On March 15th, federal investigators announced that two Russian intelligence agents were among the four people officially charged for the 2014 Yahoo hack that left 500 million accounts compromised in one of the largest data breaches in history.
Since late 2016, Yahoo has indicated that a “state-sponsored actor” was behind the breach, but this is the first time that the United States government has confirmed the allegation of foreign intervention. Yahoo announced the event in September, but has not been able to issue detailed comments, since the case was involved in a federal investigation.
There’s a lot to dig through here, but we’ll do our best to provide some insight for the computer users affected by the data breach. Some important points to note:
- The data contained sensitive information. Personal names, birth dates, and other account details were compromised, and the hackers could likely access the Yahoo accounts of millions of users. These accounts included email. However, the compromised data did not include passwords or payment information (such as credit card numbers).
- Users weren’t informed right away. There’s some evidence that Yahoo knew about the breach for months, possibly even years, before it announced to the public that data was compromised. Several senators, include Vermont’s Patrick Leahy, have called for more transparency from Yahoo and expressed concern regarding the delayed announcement.
- Two of the people charged with crimes are members of Russia’s Federal Security Service (FSS). The New York Times reports these agents as “Dmitry Aleksandrovich Dokuchaev, 33, a Russian national and resident.” The other individuals charged with the crimes (constituting 47 criminal charges) are Igor Anatolyevich Sushchin, 43, a Russian national; and Karim Baratov, 22, a Canadian and Kazakh national living in Canada.
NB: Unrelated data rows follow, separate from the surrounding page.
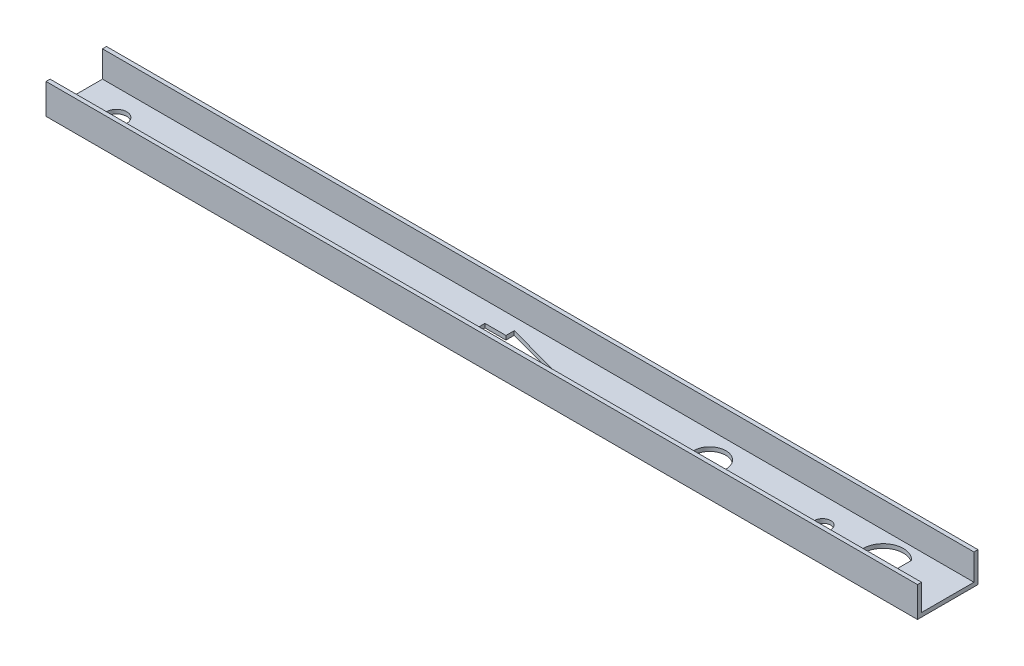
ISO-10303-21;
HEADER;
FILE_DESCRIPTION(('STEP AP214'),'2;1');
FILE_NAME('part.step','',(''),(''),'','','');
FILE_SCHEMA(('AUTOMOTIVE_DESIGN { 1 0 10303 214 1 1 1 1 }'));
ENDSEC;
DATA;
#1=APPLICATION_CONTEXT('core data for automotive mechanical design processes');
#2=APPLICATION_PROTOCOL_DEFINITION('international standard','automotive_design',2000,#1);
#3=PRODUCT_CONTEXT('',#1,'mechanical');
#4=PRODUCT('Part','Part','',(#3));
#5=PRODUCT_RELATED_PRODUCT_CATEGORY('part','',(#4));
#6=PRODUCT_DEFINITION_FORMATION('','',#4);
#7=PRODUCT_DEFINITION_CONTEXT('part definition',#1,'design');
#8=PRODUCT_DEFINITION('design','',#6,#7);
#9=PRODUCT_DEFINITION_SHAPE('','',#8);
#10=(LENGTH_UNIT() NAMED_UNIT(*) SI_UNIT(.MILLI.,.METRE.));
#11=(NAMED_UNIT(*) PLANE_ANGLE_UNIT() SI_UNIT($,.RADIAN.));
#12=(NAMED_UNIT(*) SI_UNIT($,.STERADIAN.) SOLID_ANGLE_UNIT());
#13=UNCERTAINTY_MEASURE_WITH_UNIT(LENGTH_MEASURE(1.E-05),#10,'distance_accuracy_value','');
#14=(GEOMETRIC_REPRESENTATION_CONTEXT(3) GLOBAL_UNCERTAINTY_ASSIGNED_CONTEXT((#13)) GLOBAL_UNIT_ASSIGNED_CONTEXT((#10,
#11,#12)) REPRESENTATION_CONTEXT('',''));
#15=CARTESIAN_POINT('',(0.,0.,0.));
#16=DIRECTION('',(0.,0.,1.));
#17=DIRECTION('',(1.,0.,0.));
#18=AXIS2_PLACEMENT_3D('',#15,#16,#17);
#19=CARTESIAN_POINT('',(108.,6.5,6.5));
#20=DIRECTION('',(0.,-1.,0.));
#21=DIRECTION('',(0.,0.,-1.));
#22=AXIS2_PLACEMENT_3D('',#19,#20,#21);
#23=PLANE('',#22);
#24=DIRECTION('',(0.,0.,1.));
#25=VECTOR('',#24,1.);
#26=CARTESIAN_POINT('',(-108.,6.5,6.5));
#27=LINE('',#26,#25);
#28=CARTESIAN_POINT('',(-108.,6.5,6.5));
#29=VERTEX_POINT('',#28);
#30=CARTESIAN_POINT('',(-108.,6.5,7.5));
#31=VERTEX_POINT('',#30);
#32=EDGE_CURVE('E240',#29,#31,#27,.T.);
#33=ORIENTED_EDGE('',*,*,#32,.T.);
#34=DIRECTION('',(-1.,0.,0.));
#35=VECTOR('',#34,1.);
#36=CARTESIAN_POINT('',(108.,6.5,7.5));
#37=LINE('',#36,#35);
#38=CARTESIAN_POINT('',(108.,6.5,7.5));
#39=VERTEX_POINT('',#38);
#40=EDGE_CURVE('E11',#39,#31,#37,.T.);
#41=ORIENTED_EDGE('',*,*,#40,.F.);
#42=DIRECTION('',(0.,0.,1.));
#43=VECTOR('',#42,1.);
#44=CARTESIAN_POINT('',(108.,6.5,6.5));
#45=LINE('',#44,#43);
#46=CARTESIAN_POINT('',(108.,6.5,6.5));
#47=VERTEX_POINT('',#46);
#48=EDGE_CURVE('E243',#47,#39,#45,.T.);
#49=ORIENTED_EDGE('',*,*,#48,.F.);
#50=DIRECTION('',(-1.,0.,0.));
#51=VECTOR('',#50,1.);
#52=CARTESIAN_POINT('',(108.,6.5,6.5));
#53=LINE('',#52,#51);
#54=EDGE_CURVE('E261',#47,#29,#53,.T.);
#55=ORIENTED_EDGE('',*,*,#54,.T.);
#56=EDGE_LOOP('',(#33,#41,#49,#55));
#57=FACE_BOUND('',#56,.T.);
#58=ADVANCED_FACE('F33',(#57),#23,.F.);
#59=CARTESIAN_POINT('',(108.,6.5,7.5));
#60=DIRECTION('',(0.,0.,-1.));
#61=DIRECTION('',(0.,1.,0.));
#62=AXIS2_PLACEMENT_3D('',#59,#60,#61);
#63=PLANE('',#62);
#64=DIRECTION('',(0.,-1.,0.));
#65=VECTOR('',#64,1.);
#66=CARTESIAN_POINT('',(-108.,6.5,7.5));
#67=LINE('',#66,#65);
#68=CARTESIAN_POINT('',(-108.,-1.,7.5));
#69=VERTEX_POINT('',#68);
#70=EDGE_CURVE('E264',#31,#69,#67,.T.);
#71=ORIENTED_EDGE('',*,*,#70,.T.);
#72=DIRECTION('',(-1.,0.,0.));
#73=VECTOR('',#72,1.);
#74=CARTESIAN_POINT('',(108.,-1.,7.5));
#75=LINE('',#74,#73);
#76=CARTESIAN_POINT('',(108.,-1.,7.5));
#77=VERTEX_POINT('',#76);
#78=EDGE_CURVE('E40',#77,#69,#75,.T.);
#79=ORIENTED_EDGE('',*,*,#78,.F.);
#80=DIRECTION('',(0.,-1.,0.));
#81=VECTOR('',#80,1.);
#82=CARTESIAN_POINT('',(108.,6.5,7.5));
#83=LINE('',#82,#81);
#84=EDGE_CURVE('E246',#39,#77,#83,.T.);
#85=ORIENTED_EDGE('',*,*,#84,.F.);
#86=ORIENTED_EDGE('',*,*,#40,.T.);
#87=EDGE_LOOP('',(#71,#79,#85,#86));
#88=FACE_BOUND('',#87,.T.);
#89=ADVANCED_FACE('F320',(#88),#63,.F.);
#90=CARTESIAN_POINT('',(108.,-1.,7.5));
#91=DIRECTION('',(0.,1.,0.));
#92=DIRECTION('',(0.,0.,1.));
#93=AXIS2_PLACEMENT_3D('',#90,#91,#92);
#94=PLANE('',#93);
#95=DIRECTION('',(0.,0.,-1.));
#96=VECTOR('',#95,1.);
#97=CARTESIAN_POINT('',(95.5707142142714,-1.,-3.5));
#98=LINE('',#97,#96);
#99=CARTESIAN_POINT('',(95.5707142142714,-1.,3.5));
#100=VERTEX_POINT('',#99);
#101=CARTESIAN_POINT('',(95.5707142142714,-1.,-3.5));
#102=VERTEX_POINT('',#101);
#103=EDGE_CURVE('E154',#100,#102,#98,.T.);
#104=ORIENTED_EDGE('',*,*,#103,.T.);
#105=CARTESIAN_POINT('',(92.,-1.,0.));
#106=DIRECTION('',(0.,1.,0.));
#107=DIRECTION('',(0.,0.,1.));
#108=AXIS2_PLACEMENT_3D('',#105,#106,#107);
#109=CIRCLE('',#108,5.);
#110=EDGE_CURVE('E47',#102,#100,#109,.T.);
#111=ORIENTED_EDGE('',*,*,#110,.T.);
#112=EDGE_LOOP('',(#104,#111));
#113=FACE_BOUND('',#112,.T.);
#114=DIRECTION('',(0.,0.,1.));
#115=VECTOR('',#114,1.);
#116=CARTESIAN_POINT('',(-2.97013024075214,-1.,-3.51862398510276));
#117=LINE('',#116,#115);
#118=CARTESIAN_POINT('',(-2.97013024075214,-1.,-3.51862398510276));
#119=VERTEX_POINT('',#118);
#120=CARTESIAN_POINT('',(-2.97013024075214,-1.,-1.47348756724204));
#121=VERTEX_POINT('',#120);
#122=EDGE_CURVE('E188',#119,#121,#117,.T.);
#123=ORIENTED_EDGE('',*,*,#122,.T.);
#124=DIRECTION('',(-1.,0.,0.));
#125=VECTOR('',#124,1.);
#126=CARTESIAN_POINT('',(-2.97013024075214,-1.,-1.47348756724204));
#127=LINE('',#126,#125);
#128=CARTESIAN_POINT('',(-8.17593203167034,-1.,-1.47348756724204));
#129=VERTEX_POINT('',#128);
#130=EDGE_CURVE('E169',#121,#129,#127,.T.);
#131=ORIENTED_EDGE('',*,*,#130,.T.);
#132=DIRECTION('',(0.,0.,1.));
#133=VECTOR('',#132,1.);
#134=CARTESIAN_POINT('',(-8.17593203167034,-1.,-1.47348756724204));
#135=LINE('',#134,#133);
#136=CARTESIAN_POINT('',(-8.17593203167034,-1.,1.50125631328265));
#137=VERTEX_POINT('',#136);
#138=EDGE_CURVE('E172',#129,#137,#135,.T.);
#139=ORIENTED_EDGE('',*,*,#138,.T.);
#140=DIRECTION('',(1.,0.,0.));
#141=VECTOR('',#140,1.);
#142=CARTESIAN_POINT('',(-8.17593203167034,-1.,1.50125631328265));
#143=LINE('',#142,#141);
#144=CARTESIAN_POINT('',(-2.97013024075214,-1.,1.50125631328265));
#145=VERTEX_POINT('',#144);
#146=EDGE_CURVE('E176',#137,#145,#143,.T.);
#147=ORIENTED_EDGE('',*,*,#146,.T.);
#148=DIRECTION('',(0.,0.,1.));
#149=VECTOR('',#148,1.);
#150=CARTESIAN_POINT('',(-2.97013024075214,-1.,1.50125631328265));
#151=LINE('',#150,#149);
#152=CARTESIAN_POINT('',(-2.97013024075214,-1.,3.26751049234419));
#153=VERTEX_POINT('',#152);
#154=EDGE_CURVE('E179',#145,#153,#151,.T.);
#155=ORIENTED_EDGE('',*,*,#154,.T.);
#156=DIRECTION('',(0.970305241636515,0.,-0.241883728375234));
#157=VECTOR('',#156,1.);
#158=CARTESIAN_POINT('',(-2.97013024075214,-1.,3.26751049234419));
#159=LINE('',#158,#157);
#160=CARTESIAN_POINT('',(10.1373349828098,-1.,0.));
#161=VERTEX_POINT('',#160);
#162=EDGE_CURVE('E182',#153,#161,#159,.T.);
#163=ORIENTED_EDGE('',*,*,#162,.T.);
#164=DIRECTION('',(-0.965806185070648,0.,-0.259265140115832));
#165=VECTOR('',#164,1.);
#166=CARTESIAN_POINT('',(10.1373349828098,-1.,0.));
#167=LINE('',#166,#165);
#168=EDGE_CURVE('E185',#161,#119,#167,.T.);
#169=ORIENTED_EDGE('',*,*,#168,.T.);
#170=EDGE_LOOP('',(#123,#131,#139,#147,#155,#163,#169));
#171=FACE_BOUND('',#170,.T.);
#172=CARTESIAN_POINT('',(77.,-1.,0.));
#173=DIRECTION('',(0.,1.,0.));
#174=DIRECTION('',(0.,0.,1.));
#175=AXIS2_PLACEMENT_3D('',#172,#173,#174);
#176=CIRCLE('',#175,2.);
#177=CARTESIAN_POINT('',(77.,-1.,2.));
#178=VERTEX_POINT('',#177);
#179=EDGE_CURVE('E225',#178,#178,#176,.T.);
#180=ORIENTED_EDGE('',*,*,#179,.T.);
#181=EDGE_LOOP('',(#180));
#182=FACE_BOUND('',#181,.T.);
#183=CARTESIAN_POINT('',(49.,-1.,0.));
#184=DIRECTION('',(0.,1.,0.));
#185=DIRECTION('',(0.,0.,1.));
#186=AXIS2_PLACEMENT_3D('',#183,#184,#185);
#187=CIRCLE('',#186,4.00000000000001);
#188=CARTESIAN_POINT('',(49.,-1.,4.00000000000001));
#189=VERTEX_POINT('',#188);
#190=EDGE_CURVE('E231',#189,#189,#187,.T.);
#191=ORIENTED_EDGE('',*,*,#190,.T.);
#192=EDGE_LOOP('',(#191));
#193=FACE_BOUND('',#192,.T.);
#194=CARTESIAN_POINT('',(-98.,-1.,0.));
#195=DIRECTION('',(0.,1.,0.));
#196=DIRECTION('',(0.,0.,1.));
#197=AXIS2_PLACEMENT_3D('',#194,#195,#196);
#198=CIRCLE('',#197,2.5);
#199=CARTESIAN_POINT('',(-98.,-1.,2.5));
#200=VERTEX_POINT('',#199);
#201=EDGE_CURVE('E237',#200,#200,#198,.T.);
#202=ORIENTED_EDGE('',*,*,#201,.T.);
#203=EDGE_LOOP('',(#202));
#204=FACE_BOUND('',#203,.T.);
#205=DIRECTION('',(0.,0.,-1.));
#206=VECTOR('',#205,1.);
#207=CARTESIAN_POINT('',(-108.,-1.,7.5));
#208=LINE('',#207,#206);
#209=CARTESIAN_POINT('',(-108.,-1.,-7.5));
#210=VERTEX_POINT('',#209);
#211=EDGE_CURVE('E266',#69,#210,#208,.T.);
#212=ORIENTED_EDGE('',*,*,#211,.T.);
#213=DIRECTION('',(-1.,0.,0.));
#214=VECTOR('',#213,1.);
#215=CARTESIAN_POINT('',(108.,-1.,-7.5));
#216=LINE('',#215,#214);
#217=CARTESIAN_POINT('',(108.,-1.,-7.5));
#218=VERTEX_POINT('',#217);
#219=EDGE_CURVE('E291',#218,#210,#216,.T.);
#220=ORIENTED_EDGE('',*,*,#219,.F.);
#221=DIRECTION('',(0.,0.,-1.));
#222=VECTOR('',#221,1.);
#223=CARTESIAN_POINT('',(108.,-1.,7.5));
#224=LINE('',#223,#222);
#225=EDGE_CURVE('E249',#77,#218,#224,.T.);
#226=ORIENTED_EDGE('',*,*,#225,.F.);
#227=ORIENTED_EDGE('',*,*,#78,.T.);
#228=EDGE_LOOP('',(#212,#220,#226,#227));
#229=FACE_BOUND('',#228,.T.);
#230=ADVANCED_FACE('F160',(#113,#171,#182,#193,#204,#229),#94,.F.);
#231=CARTESIAN_POINT('',(108.,6.5,-7.5));
#232=DIRECTION('',(0.,0.,1.));
#233=DIRECTION('',(0.,-1.,0.));
#234=AXIS2_PLACEMENT_3D('',#231,#232,#233);
#235=PLANE('',#234);
#236=DIRECTION('',(0.,1.,0.));
#237=VECTOR('',#236,1.);
#238=CARTESIAN_POINT('',(-108.,6.5,-7.5));
#239=LINE('',#238,#237);
#240=CARTESIAN_POINT('',(-108.,6.5,-7.5));
#241=VERTEX_POINT('',#240);
#242=EDGE_CURVE('E268',#210,#241,#239,.T.);
#243=ORIENTED_EDGE('',*,*,#242,.T.);
#244=DIRECTION('',(-1.,0.,0.));
#245=VECTOR('',#244,1.);
#246=CARTESIAN_POINT('',(108.,6.5,-7.5));
#247=LINE('',#246,#245);
#248=CARTESIAN_POINT('',(108.,6.5,-7.5));
#249=VERTEX_POINT('',#248);
#250=EDGE_CURVE('E288',#249,#241,#247,.T.);
#251=ORIENTED_EDGE('',*,*,#250,.F.);
#252=DIRECTION('',(0.,1.,0.));
#253=VECTOR('',#252,1.);
#254=CARTESIAN_POINT('',(108.,6.5,-7.5));
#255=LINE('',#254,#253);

- Many security experts believe that the compromised data wasn’t properly protected. In particular, Yahoo didn’t encrypt its security question. Passwords were reportedly secured with bcrypt, a relatively strong hash, but experts believe that other information—including birthdays and other private info—wouldn’t have been protected with the same encryption.
So, why wouldn’t Yahoo protect all data with the same encryption? The likely answer is practicality. Large technology businesses need to be able to quickly access data, and encryption slows that process down.
If you’re wondering how the hackers gained access, the short answer is that we don’t know all of the details yet. However, the agents apparently used forged cookies to access certain accounts without a password. To create these tools, the hackers likely stole proprietary code from the technology giant.
While most reports describe two of the hackers as “Russian agents,” we don’t have evidence that the government of Russia sponsored, financed, or endorsed this breach. However, we’re still comfortable calling them Russian agents, since they were affiliated with the Russian FSS.
Do I Need to Do Anything to Protect My Data?
Yes. If you used Yahoo accounts from 2013 to 2017, we’d strongly recommend changing your passwords. Note that some Yahoo products aren’t branded; Tumblr, for instance, is a Yahoo property.
In general, it’s a good idea to change passwords regularly and to enable multi-factor authentication, which can prevent some types of data breaches.
Are There Any Consequences for Yahoo?
Many security experts and consumers believe that Yahoo is at least partially responsible for the data breach. We won’t make a judgment, but we’ll note that the company isn’t escaping this event unscathed.
Marissa Mayer, Yahoo’s chief executive, lost her 2016 bonus and 2017 stock compensation. The company’s top lawyer, Ronald S. Bell, resigned several weeks ago. Additionally, the company’s value fell, which was significant; Yahoo recently agreed to a deal to sell its businesses to Verizon, and in light of the scandal, Verizon was able to reduce the original $4.8 billion deal by $350 million.